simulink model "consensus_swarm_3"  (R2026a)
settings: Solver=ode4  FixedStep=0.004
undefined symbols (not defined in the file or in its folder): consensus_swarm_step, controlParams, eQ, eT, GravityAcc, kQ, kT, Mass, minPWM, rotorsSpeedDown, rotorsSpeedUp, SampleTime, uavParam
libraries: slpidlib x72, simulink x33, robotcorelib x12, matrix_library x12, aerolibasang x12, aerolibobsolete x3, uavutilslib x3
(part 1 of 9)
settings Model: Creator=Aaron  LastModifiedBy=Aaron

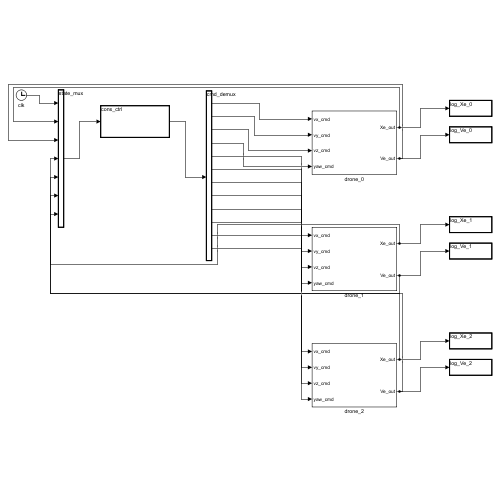
[thumbnail: Simulink's stored preview of the top-level diagram]
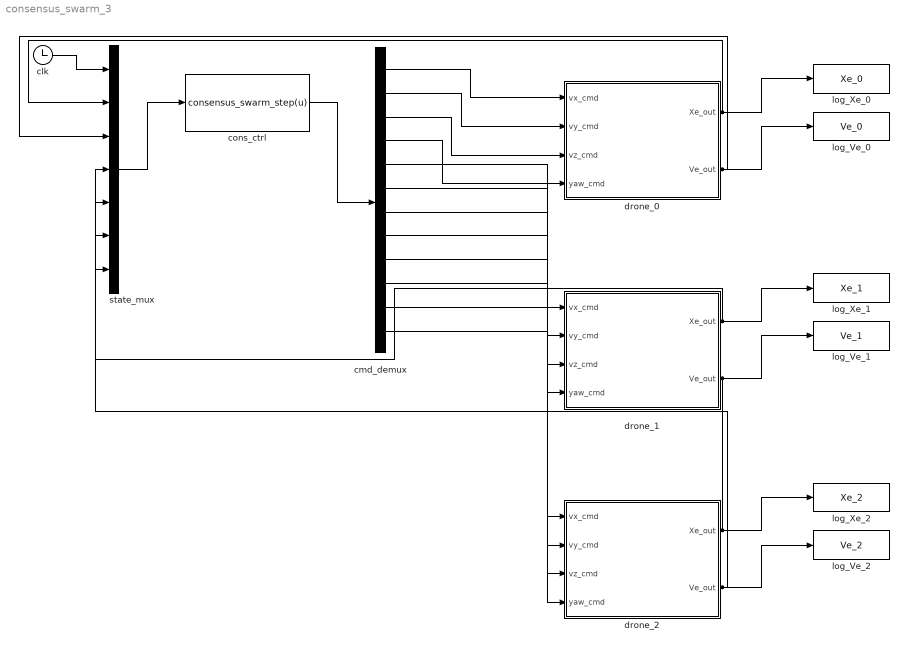
== system consensus_swarm_3 ==
  clk : Clock
  cmd_demux : Demux  Outputs=12
  cons_ctrl : MATLABFcn  MATLABFcn=consensus_swarm_step(u)  OutputDimensions=12  SampleTime=0.02
  drone_0 : Subsystem
  drone_1 : Subsystem
  drone_2 : Subsystem
  log_Ve_0 : ToWorkspace  VariableName=Ve_0  SaveFormat=Timeseries  SampleTime=-1
  log_Ve_1 : ToWorkspace  VariableName=Ve_1  SaveFormat=Timeseries  SampleTime=-1
  log_Ve_2 : ToWorkspace  VariableName=Ve_2  SaveFormat=Timeseries  SampleTime=-1
  log_Xe_0 : ToWorkspace  VariableName=Xe_0  SaveFormat=Timeseries  SampleTime=-1
  log_Xe_1 : ToWorkspace  VariableName=Xe_1  SaveFormat=Timeseries  SampleTime=-1
  log_Xe_2 : ToWorkspace  VariableName=Xe_2  SaveFormat=Timeseries  SampleTime=-1
  state_mux : Mux  Inputs=7
  wires:
  clk/1 -> state_mux/1
  state_mux/1 -> cons_ctrl/1
  cons_ctrl/1 -> cmd_demux/1
  drone_0/1(Xe_out) -> state_mux/2, log_Xe_0/1
  drone_0/2(Ve_out) -> state_mux/3, log_Ve_0/1
  cmd_demux/1 -> drone_0/1(vx_cmd)
  cmd_demux/2 -> drone_0/2(vy_cmd)
  cmd_demux/3 -> drone_0/3(vz_cmd)
  cmd_demux/4 -> drone_0/4(yaw_cmd)
  drone_1/1(Xe_out) -> state_mux/4, log_Xe_1/1
  drone_1/2(Ve_out) -> state_mux/5, log_Ve_1/1
  cmd_demux/5 -> drone_1/1(vx_cmd)
  cmd_demux/6 -> drone_1/2(vy_cmd)
  cmd_demux/7 -> drone_1/3(vz_cmd)
  cmd_demux/8 -> drone_1/4(yaw_cmd)
  drone_2/1(Xe_out) -> state_mux/6, log_Xe_2/1
  drone_2/2(Ve_out) -> state_mux/7, log_Ve_2/1
  cmd_demux/9 -> drone_2/1(vx_cmd)
  cmd_demux/10 -> drone_2/2(vy_cmd)
  cmd_demux/11 -> drone_2/3(vz_cmd)
  cmd_demux/12 -> drone_2/4(yaw_cmd)

== system consensus_swarm_3/drone_0 ==
  vx_cmd : Inport
  vy_cmd : Inport  Port=2
  vz_cmd : Inport  Port=3
  yaw_cmd : Inport  Port=4
  6DOF (Euler Angles) : aerolibobsolete/6DOF (Euler Angles)  units=Metric (MKS)  mtype=Fixed  rep=Euler Angles  xme_0=[0, 0, 0]  Vm_0=[0 0 0]  eul_0=[0 0 0]  pm_0=[0 0 0]  mass_0=Mass  mass_e=0.5  mass_f=2.0  inertia=momentInertia  inertia_e=eye(3)  inertia_f=2*eye(3)  k_quat=1.0  vre_flag=on  abi_flag=on  aMode=0  xme_statename=''  Vm_statename=''  eul_statename=''  quat_statename=''  pm_statename=''  mass_statename=''
  Add : Sum
  Bus Creator : BusCreator  Inputs=4
  Display17 : Display
  Gravity : Subsystem
  Mux4 : Mux  Inputs=3
  Selector1 : Selector  InputPortWidth=3  IndexOptions=Index vector (dialog)  Indices=[3 2 1]  OutputSizes=1
  Step4 : Step  Time=5  SampleTime=0
  Subsystem : Subsystem
  UAV Animation : uavutilslib/UAV Animation  Commented=on  NumUAV=1  DynamicUAVConfig=off  UAVType=Multirotor  UAVSize=5  UAVColor=[1 0 0]  UAVTrajectoryAlpha=1  AlwaysShowAnimation=on  AxisLimits=[-Inf Inf;-Inf Inf;-Inf Inf]  TrajectoryBufferSize=100000  InertialZDirection=Down  RotationFormat=Euler ZYX  DrawMarkers=off  SampleTime=-1
  pid_velocity : Subsystem
  z : Constant  Value=0
  Xe_out : Outport
  Ve_out : Outport  Port=2
  wires:
  Mux4/1 -> pid_velocity/2(vxyz_d)  "vel_cmd"
  z/1 -> ?
  [States] -> pid_velocity/1(estStates)
  pid_velocity/1(acts_w) -> Display17/1, [pid_pos]  "pid"
  [pid_pos] -> Subsystem/1(actCmd)
  Add/1 -> 6DOF (Euler Angles)/1
  Subsystem/1(F) -> Add/1
  Gravity/1(F_g) -> Add/2  "Gravity Force"
  Subsystem/2(M) -> 6DOF (Euler Angles)/2
  Bus Creator/1 -> [States]
  6DOF (Euler Angles)/4 -> [DCMbe]  "DCMbe"
  [DCMbe] -> Gravity/1(DCM_be)
  6DOF (Euler Angles)/1 -> Ve_out/1, [Ve]  "Ve"
  [Ve] -> Bus Creator/1
  [Xe] -> Bus Creator/2
  6DOF (Euler Angles)/3 -> [Euler], Selector1/1  "Euler"
  [Euler] -> Bus Creator/3
  6DOF (Euler Angles)/6 -> [pqr]  "pqr"
  [pqr] -> Bus Creator/4
  6DOF (Euler Angles)/2 -> Xe_out/1, [Xe], UAV Animation/1  "Xe"
  Selector1/1 -> UAV Animation/2
  vx_cmd/1 -> Mux4/1
  vy_cmd/1 -> Mux4/2
  vz_cmd/1 -> Mux4/3
  yaw_cmd/1 -> [uav_plant_io_yaw_cmd]

== system consensus_swarm_3/drone_1 ==
  vx_cmd : Inport
  vy_cmd : Inport  Port=2
  vz_cmd : Inport  Port=3
  yaw_cmd : Inport  Port=4
  6DOF (Euler Angles) : aerolibobsolete/6DOF (Euler Angles)  units=Metric (MKS)  mtype=Fixed  rep=Euler Angles  xme_0=[0, 0, 0]  Vm_0=[0 0 0]  eul_0=[0 0 0]  pm_0=[0 0 0]  mass_0=Mass  mass_e=0.5  mass_f=2.0  inertia=momentInertia  inertia_e=eye(3)  inertia_f=2*eye(3)  k_quat=1.0  vre_flag=on  abi_flag=on  aMode=0  xme_statename=''  Vm_statename=''  eul_statename=''  quat_statename=''  pm_statename=''  mass_statename=''
  Add : Sum
  Bus Creator : BusCreator  Inputs=4
  Display17 : Display
  Gravity : Subsystem
  Mux4 : Mux  Inputs=3
  Selector1 : Selector  InputPortWidth=3  IndexOptions=Index vector (dialog)  Indices=[3 2 1]  OutputSizes=1
  Step4 : Step  Time=5  SampleTime=0
  Subsystem : Subsystem
  UAV Animation : uavutilslib/UAV Animation  Commented=on  NumUAV=1  DynamicUAVConfig=off  UAVType=Multirotor  UAVSize=5  UAVColor=[1 0 0]  UAVTrajectoryAlpha=1  AlwaysShowAnimation=on  AxisLimits=[-Inf Inf;-Inf Inf;-Inf Inf]  TrajectoryBufferSize=100000  InertialZDirection=Down  RotationFormat=Euler ZYX  DrawMarkers=off  SampleTime=-1
  pid_velocity : Subsystem
  z : Constant  Value=0
  Xe_out : Outport
  Ve_out : Outport  Port=2
  wires:
  Mux4/1 -> pid_velocity/2(vxyz_d)  "vel_cmd"
  z/1 -> ?
  [States] -> pid_velocity/1(estStates)
  pid_velocity/1(acts_w) -> Display17/1, [pid_pos]  "pid"
  [pid_pos] -> Subsystem/1(actCmd)
  Add/1 -> 6DOF (Euler Angles)/1
  Subsystem/1(F) -> Add/1
  Gravity/1(F_g) -> Add/2  "Gravity Force"
  Subsystem/2(M) -> 6DOF (Euler Angles)/2
  Bus Creator/1 -> [States]
  6DOF (Euler Angles)/4 -> [DCMbe]  "DCMbe"
  [DCMbe] -> Gravity/1(DCM_be)
  6DOF (Euler Angles)/1 -> Ve_out/1, [Ve]  "Ve"
  [Ve] -> Bus Creator/1
  [Xe] -> Bus Creator/2
  6DOF (Euler Angles)/3 -> [Euler], Selector1/1  "Euler"
  [Euler] -> Bus Creator/3
  6DOF (Euler Angles)/6 -> [pqr]  "pqr"
  [pqr] -> Bus Creator/4
  6DOF (Euler Angles)/2 -> Xe_out/1, [Xe], UAV Animation/1  "Xe"
  Selector1/1 -> UAV Animation/2
  vx_cmd/1 -> Mux4/1
  vy_cmd/1 -> Mux4/2
  vz_cmd/1 -> Mux4/3
  yaw_cmd/1 -> [uav_plant_io_yaw_cmd]

== system consensus_swarm_3/drone_2 ==
  vx_cmd : Inport
  vy_cmd : Inport  Port=2
  vz_cmd : Inport  Port=3
  yaw_cmd : Inport  Port=4
  6DOF (Euler Angles) : aerolibobsolete/6DOF (Euler Angles)  units=Metric (MKS)  mtype=Fixed  rep=Euler Angles  xme_0=[0, 0, 0]  Vm_0=[0 0 0]  eul_0=[0 0 0]  pm_0=[0 0 0]  mass_0=Mass  mass_e=0.5  mass_f=2.0  inertia=momentInertia  inertia_e=eye(3)  inertia_f=2*eye(3)  k_quat=1.0  vre_flag=on  abi_flag=on  aMode=0  xme_statename=''  Vm_statename=''  eul_statename=''  quat_statename=''  pm_statename=''  mass_statename=''
  Add : Sum
  Bus Creator : BusCreator  Inputs=4
  Display17 : Display
  Gravity : Subsystem
  Mux4 : Mux  Inputs=3
  Selector1 : Selector  InputPortWidth=3  IndexOptions=Index vector (dialog)  Indices=[3 2 1]  OutputSizes=1
  Step4 : Step  Time=5  SampleTime=0
  Subsystem : Subsystem
  UAV Animation : uavutilslib/UAV Animation  Commented=on  NumUAV=1  DynamicUAVConfig=off  UAVType=Multirotor  UAVSize=5  UAVColor=[1 0 0]  UAVTrajectoryAlpha=1  AlwaysShowAnimation=on  AxisLimits=[-Inf Inf;-Inf Inf;-Inf Inf]  TrajectoryBufferSize=100000  InertialZDirection=Down  RotationFormat=Euler ZYX  DrawMarkers=off  SampleTime=-1
  pid_velocity : Subsystem
  z : Constant  Value=0
  Xe_out : Outport
  Ve_out : Outport  Port=2
  wires:
  Mux4/1 -> pid_velocity/2(vxyz_d)  "vel_cmd"
  z/1 -> ?
  [States] -> pid_velocity/1(estStates)
  pid_velocity/1(acts_w) -> Display17/1, [pid_pos]  "pid"
  [pid_pos] -> Subsystem/1(actCmd)
  Add/1 -> 6DOF (Euler Angles)/1
  Subsystem/1(F) -> Add/1
  Gravity/1(F_g) -> Add/2  "Gravity Force"
  Subsystem/2(M) -> 6DOF (Euler Angles)/2
  Bus Creator/1 -> [States]
  6DOF (Euler Angles)/4 -> [DCMbe]  "DCMbe"
  [DCMbe] -> Gravity/1(DCM_be)
  6DOF (Euler Angles)/1 -> Ve_out/1, [Ve]  "Ve"
  [Ve] -> Bus Creator/1
  [Xe] -> Bus Creator/2
  6DOF (Euler Angles)/3 -> [Euler], Selector1/1  "Euler"
  [Euler] -> Bus Creator/3
  6DOF (Euler Angles)/6 -> [pqr]  "pqr"
  [pqr] -> Bus Creator/4
  6DOF (Euler Angles)/2 -> Xe_out/1, [Xe], UAV Animation/1  "Xe"
  Selector1/1 -> UAV Animation/2
  vx_cmd/1 -> Mux4/1
  vy_cmd/1 -> Mux4/2
  vz_cmd/1 -> Mux4/3
  yaw_cmd/1 -> [uav_plant_io_yaw_cmd]

== system consensus_swarm_3/drone_0/Gravity ==
  DCM_be : Inport
  Constant : Constant  Value=[0 0 GravityAcc]'
  Display4 : Display
  Gain : Gain  Gain=Mass
  Matrix Multiply : Product  Multiplication=Matrix(*)
  F_g : Outport
  wires:
  Gain/1 -> F_g/1, Display4/1
  DCM_be/1 -> Matrix Multiply/1
  Constant/1 -> Matrix Multiply/2
  Matrix Multiply/1 -> Gain/1

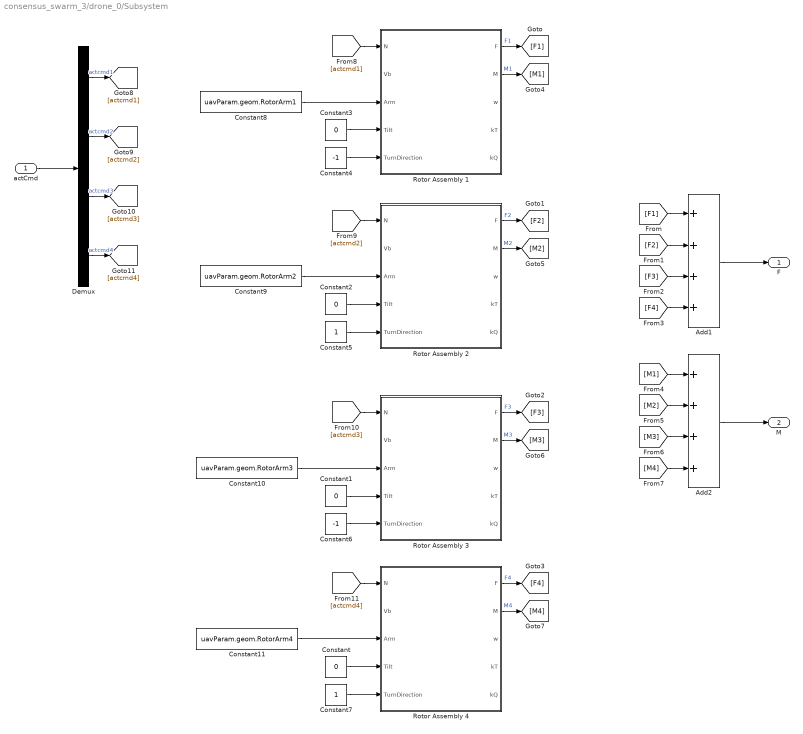
== system consensus_swarm_3/drone_0/Subsystem ==
  actCmd : Inport
  Add1 : Sum  Inputs=++++
  Add2 : Sum  Inputs=++++
  Constant{,1..3} (4 alike) : Constant  Value=0
  Constant10 : Constant  Value=uavParam.geom.RotorArm3
  Constant11 : Constant  Value=uavParam.geom.RotorArm4
  Constant4 : Constant  Value=-1
  Constant5 : Constant
  Constant6 : Constant  Value=-1
  Constant7 : Constant
  Constant8 : Constant  Value=uavParam.geom.RotorArm1
  Constant9 : Constant  Value=uavParam.geom.RotorArm2
  Demux : Demux
  Rotor Assembly 1 : Subsystem
  Rotor Assembly 2 : Subsystem
  Rotor Assembly 3 : Subsystem
  Rotor Assembly 4 : Subsystem
  F : Outport
  M : Outport  Port=2
  wires:
  [actcmd4] -> Rotor Assembly 4/1(N)
  Demux/4 -> [actcmd4]  "actcmd4"
  [actcmd3] -> Rotor Assembly 3/1(N)
  Demux/3 -> [actcmd3]  "actcmd3"
  [actcmd2] -> Rotor Assembly 2/1(N)
  Demux/2 -> [actcmd2]  "actcmd2"
  [actcmd1] -> Rotor Assembly 1/1(N)
  Demux/1 -> [actcmd1]  "actcmd1"
  actCmd/1 -> Demux/1
  [M4] -> Add2/4
  Rotor Assembly 4/2(M) -> [M4]  "M4"
  [M3] -> Add2/3
  Rotor Assembly 3/2(M) -> [M3]  "M3"
  [M2] -> Add2/2
  Rotor Assembly 2/2(M) -> [M2]  "M2"
  [M1] -> Add2/1
  Rotor Assembly 1/2(M) -> [M1]  "M1"
  [F4] -> Add1/4
  Rotor Assembly 4/1(F) -> [F4]  "F4"
  [F3] -> Add1/3
  Rotor Assembly 3/1(F) -> [F3]  "F3"
  [F2] -> Add1/2
  Rotor Assembly 2/1(F) -> [F2]  "F2"
  [F1] -> Add1/1
  Rotor Assembly 1/1(F) -> [F1]  "F1"
  Constant11/1 -> Rotor Assembly 4/3(Arm)
  Constant9/1 -> Rotor Assembly 2/3(Arm)
  Constant8/1 -> Rotor Assembly 1/3(Arm)
  Constant7/1 -> Rotor Assembly 4/5(TurnDirection)
  Constant5/1 -> Rotor Assembly 2/5(TurnDirection)
  Constant4/1 -> Rotor Assembly 1/5(TurnDirection)
  Constant3/1 -> Rotor Assembly 1/4(Tilt)
  Constant2/1 -> Rotor Assembly 2/4(Tilt)
  Constant/1 -> Rotor Assembly 4/4(Tilt)
  Add2/1 -> M/1
  Constant1/1 -> Rotor Assembly 3/4(Tilt)
  Constant6/1 -> Rotor Assembly 3/5(TurnDirection)
  ? -> Rotor Assembly 3/2(Vb)
  Add1/1 -> F/1
  Constant10/1 -> Rotor Assembly 3/3(Arm)

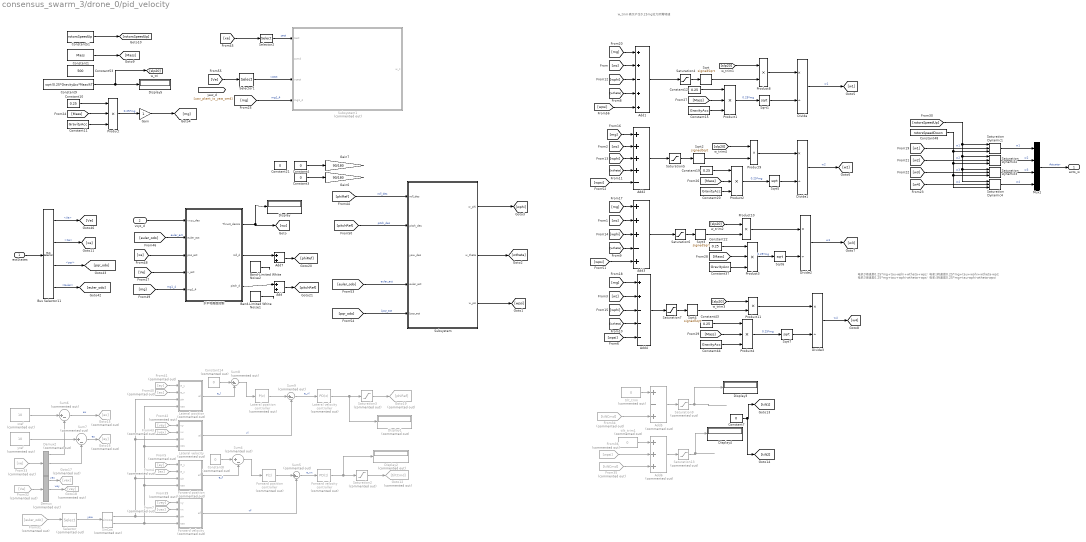
== system consensus_swarm_3/drone_0/pid_velocity ==
  note: w_trim 表示产生0.25mg拉力所需转速
  note: 电机1转速是0.25*mg+tau-wphi+wtheta+wpsi，
      | 电机2转速是0.25*mg+tau+wphi+wtheta-wpsi，
      | 电机3转速是0.25*mg+tau+wphi-wtheta+wpsi，
      | 电机4转速是0.25*mg+tau-wphi-wtheta-wpsi
  estStates : Inport
  vxyz_d : Inport  Port=2
  Add : Sum
  Add1 : Sum  Inputs=++-++
  Add2 : Sum  Inputs=++++-
  Add3 : Sum  Inputs=+++-+
  Add4 : Sum  Inputs=++---
  Add5 : Sum  Commented=on  Inputs=+-+
  Add6 : Sum  Commented=on  Inputs=+++
  Add7 : Sum
  Band-Limited White Noise1 : simulink/Sources/Band-Limited White Noise  Cov=[0.000001]  Ts=SampleTime  seed=[23341]
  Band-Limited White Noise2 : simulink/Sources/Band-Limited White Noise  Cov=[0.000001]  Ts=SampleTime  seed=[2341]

********

Your objective: In the listing above, find the line holding "Matrix Multiply : Product" and the line holding "Constant7 : Constant". Reproduce those two lines and all between them exactly, leaving out pictures.

Output for this task:
  Matrix Multiply : Product  Multiplication=Matrix(*)
  F_g : Outport
  wires:
  Gain/1 -> F_g/1, Display4/1
  DCM_be/1 -> Matrix Multiply/1
  Constant/1 -> Matrix Multiply/2
  Matrix Multiply/1 -> Gain/1

== system consensus_swarm_3/drone_0/Subsystem ==
  actCmd : Inport
  Add1 : Sum  Inputs=++++
  Add2 : Sum  Inputs=++++
  Constant{,1..3} (4 alike) : Constant  Value=0
  Constant10 : Constant  Value=uavParam.geom.RotorArm3
  Constant11 : Constant  Value=uavParam.geom.RotorArm4
  Constant4 : Constant  Value=-1
  Constant5 : Constant
  Constant6 : Constant  Value=-1
  Constant7 : Constant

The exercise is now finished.